For now, when he could gain no benefit, he was potentially rich beyond even his own most greedy and most lurid dreams.
On the ridge above the camp he’d get up beside his crippled spaceship lay a strip of clay-cemented conglomerate that fairly reeked with diamonds. They lay scattered on the hillside, washed out by the weather; they were mixed liberally in the gravel of the tiny stream that wended through the valley. They could be picked up by the basket. They were of high quality; there were several, the size of human skulls, that probably were priceless.
Sherwood was of a hardy, rough and tumble breed. Once he became convinced of his situation he made the best of it. He made his camp into a home and laid in supplies—digging roots, gathering nuts, drying fish and making pemmican. If he was to be cast in the role of a Robinson Crusoe, he proposed to be at least comfortably well fed.
In his spare time he gathered diamonds, dumping them in a pile outside his shack. And in the idle afternoons or the long evenings, he sat beside his campfire and sorted them out—washing them free of clinging dirt and grading them according to their size and brilliance. The very best of them he put into a sack, designed for easy grabbing if the time should ever come when he might depart the planet.

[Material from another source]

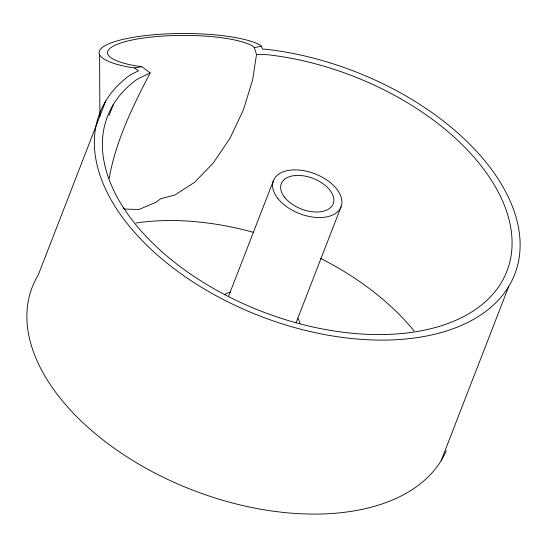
<?xml version="1.0" encoding="UTF-8"?>
<svg xmlns="http://www.w3.org/2000/svg" width="547" height="547" viewBox="0 0 547 547"><rect width="100%" height="100%" fill="white"/><g stroke="black" fill="none" stroke-linecap="round" stroke-linejoin="round"><path stroke-width="0.82" d="M109.188 178.363C115.759 140.921 132.812 106.344 150.165 72.867L141.789 66.672L135.615 65.845A75.055 17.005 -0.2 0 1 138.2 38.858A75.055 17.005 -0.2 0 1 252.536 45.955L254.252 47.534L256.502 54.454L252.68 79.732L243.394 109.879L229.972 138.268L213.337 162.965L194.609 182.281L175.074 194.91L160.613 198.766L156.066 202.233L138.911 209.501L124.743 209.057L123.444 208.024M105.762 100.928L38.283 274.909A222.602 131.157 21.2 0 0 179.395 484.676A222.602 131.157 21.2 0 0 446.236 450.79M109.065 115.567L113.386 104.443M228.625 296.159L273.397 180.742M296.009 322.894L341.089 206.677M441.238 460.471L508.717 286.491M150.165 72.867L137.112 79.281A214.185 126.193 21.2 0 0 241.083 302.676A214.185 126.193 21.2 0 0 511.616 251.743A214.185 126.193 21.2 0 0 267.606 54.714L256.502 54.454M134.507 67.91L138.459 70.836L130.425 74.782A222.602 131.157 21.2 0 0 238.478 306.956A222.602 131.157 21.2 0 0 519.65 254.02A222.602 131.157 21.2 0 0 266.047 49.251L262.471 49.168L261.541 46.297L260.386 45.23A83.479 18.913 -0.2 0 0 133.215 37.34A83.479 18.913 -0.2 0 0 130.35 67.356L134.507 67.91L141.789 66.672M254.252 47.534L261.541 46.297M99.609 54.789L99.869 116.32M224.79 294.443A44.663 26.318 21.2 0 1 230.595 291.913M297.787 318.204A44.663 26.318 21.2 0 1 300.071 323.284M135.971 223.012A214.185 126.193 21.2 0 1 253.446 232.352M320.651 258.389A214.185 126.193 21.2 0 1 414.045 330.942M284.802 197.529A27.829 16.396 21.2 0 0 330.853 207.299A27.829 16.396 21.2 0 0 306.067 176.305A27.829 16.396 21.2 0 0 284.802 197.529M278.013 198.684A36.246 21.354 21.2 0 0 337.998 211.415A36.246 21.354 21.2 0 0 305.711 171.033A36.246 21.354 21.2 0 0 278.013 198.684"/></g></svg>
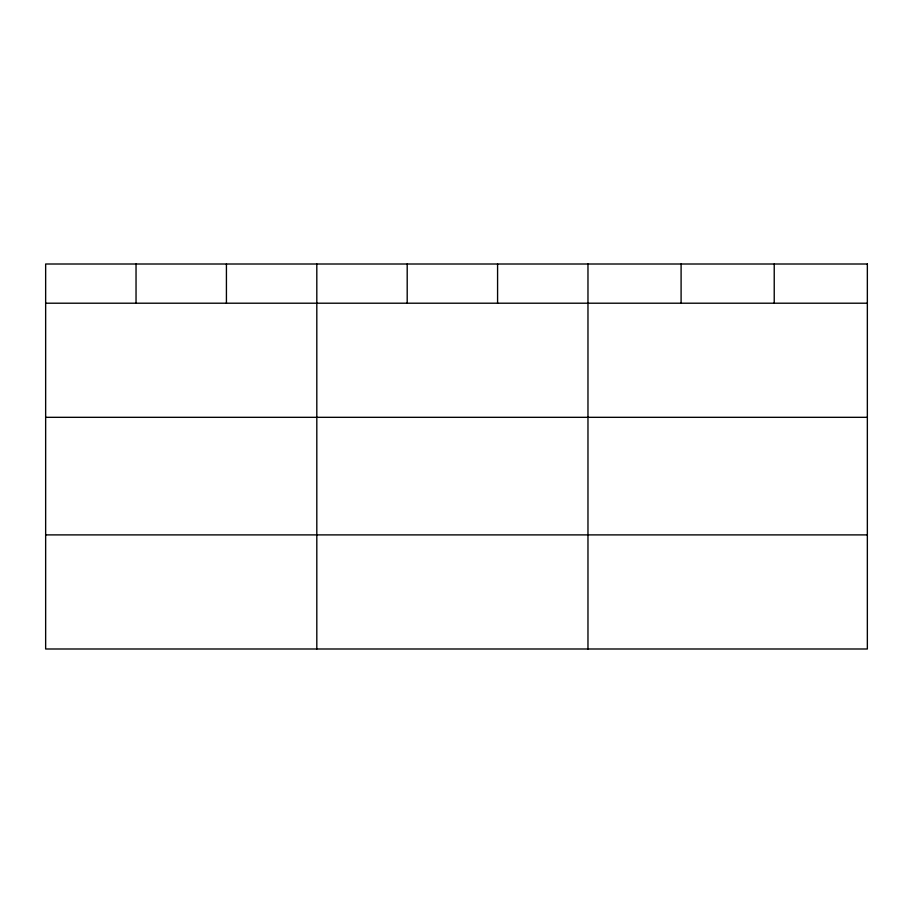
<?xml version="1.0" encoding="UTF-8"?>
<svg xmlns="http://www.w3.org/2000/svg" width="913" height="913" viewBox="0 0 913 913"><rect width="100%" height="100%" fill="white"/><g stroke="black" fill="none" stroke-linecap="round" stroke-linejoin="round"><path stroke-width="1.37" d="M45.65 303.207L867.35 303.207M45.65 417.321L867.35 417.321M45.65 534.892L867.35 534.892M774.224 264.005L774.224 303.207M681.098 264.005L681.098 303.207M587.972 264.005L587.972 648.995M497.585 264.005L497.585 303.207M407.198 264.005L407.198 303.207M316.811 264.005L316.811 648.995M226.424 264.005L226.424 303.207M136.037 264.005L136.037 303.207M867.35 264.005L45.65 264.005L45.65 648.995L867.35 648.995L867.35 264.005"/></g></svg>

Not that he had any hope this would come about.
Even so, he was a man who planned against contingencies. He always tried to have some sort of loophole. Had this not been the case, his career would have ended long before, at any one of a dozen times or places. That it apparently had come to an end now could be attributed to a certain lack of foresight in not carrying a full complement of spare parts. Although perhaps this was understandable, since never before in the history of space flight had that particular valve which now spelled out Sherwood’s doom ever misbehaved.
Perhaps it was well for him that he was not an introspective man. If he had been given to much searching thought, he might have found himself living with his past, and there were places in his past that were far from pretty.
He was lucky in many other ways, of course. The planet was not a bad one, a sort of New England planet with a rocky, tumbled terrain, forested by scrubby trees and distinctly terrestrial. He might just as easily have been marooned upon a jungle planet or one of the icy planets or any of another dozen different kinds that were not tolerant of life.
So he settled in and made the best of it and didn’t even bother to count off the days. For he knew what he was in for.
He counted on no miracle.
The miracle he had not counted on came late one afternoon as he sat, cross-legged, sorting out his latest haul of priceless diamonds.
The great black ship came in from the east across the rolling hills. It whistled down across the ridges and settled to the ground a short distance from Sherwood’s crippled ship and his patched-together shack.
It was no patrol vessel, although in his position, Sherwood would have welcomed even one of these. It was a kind of ship he’d never seen before. It was globular and black and it had no identifying marks on it.
He leaped to his feet and ran toward the ship. He waved his arms in welcome and whooped with his delight. He stopped a hundred feet away when he felt the first whiff of the heat that had been picked up by the vessel’s hull in its plunge through atmosphere.
“Hey, in there!” he yelled.
And the Ship spoke to him. “You need not yell,” it told him. “I can hear you very well.”
“Who are you?” asked Sherwood.
“I am the Ship,” the voice told him.
“Quit fooling around,” yelled Sherwood, “and tell me who you are.”
For the sort of answer it had given was foolishness. Of course it was the ship. It was someone in the ship, talking to him through a speaker in the hull.
“I have told you,” said the Ship. “I am the Ship.”
“But there is someone speaking to me.”
“The ship is speaking to you.”
“All right, then,” said Sherwood. “If you want it that way, it’s okay with me. Can you take me out of here? My radio is broken and my ship disabled.”
“Perhaps I can,” said the Ship. “Tell me who you are.”
Sherwood hesitated for a moment, and then he told who he was, quite truthfully. For it suddenly had occurred to him that this ship was as much an outlaw as he was himself. It had no markings and all ships must have markings.
“You say you left your last port without proper clearance?”
“Yes,” said Sherwood. “There were certain circumstances.”
“And no one knows where you are? No one’s looking for you?”
“How could they?” Sherwood asked.
“Where do you want to go?”
“Just anywhere,” said Sherwood. “I have no preference.”
For even if they should land him somewhere where he had no wish to be, he still would have a running chance. On this planet he had no chance at all.
“All right,” said the ship. “You can come aboard.”
A hatch came open in the hull and a ladder began running out.
“Just a second,” Sherwood shouted. “I’ll be right there.”
He sprinted to the shack and grabbed his sack of the finest diamonds, then legged it for the ship. He got there almost as soon as the ladder touched the ground.
The hull still was crackling with warmth, but Sherwood swarmed up the ladder, paying no attention.
He was set for life, he thought. Unless—
And then the thought struck him that they might take the diamonds from him. They could pretend it was payment for his passage. Or they could simply take them without an excuse of any sort at all.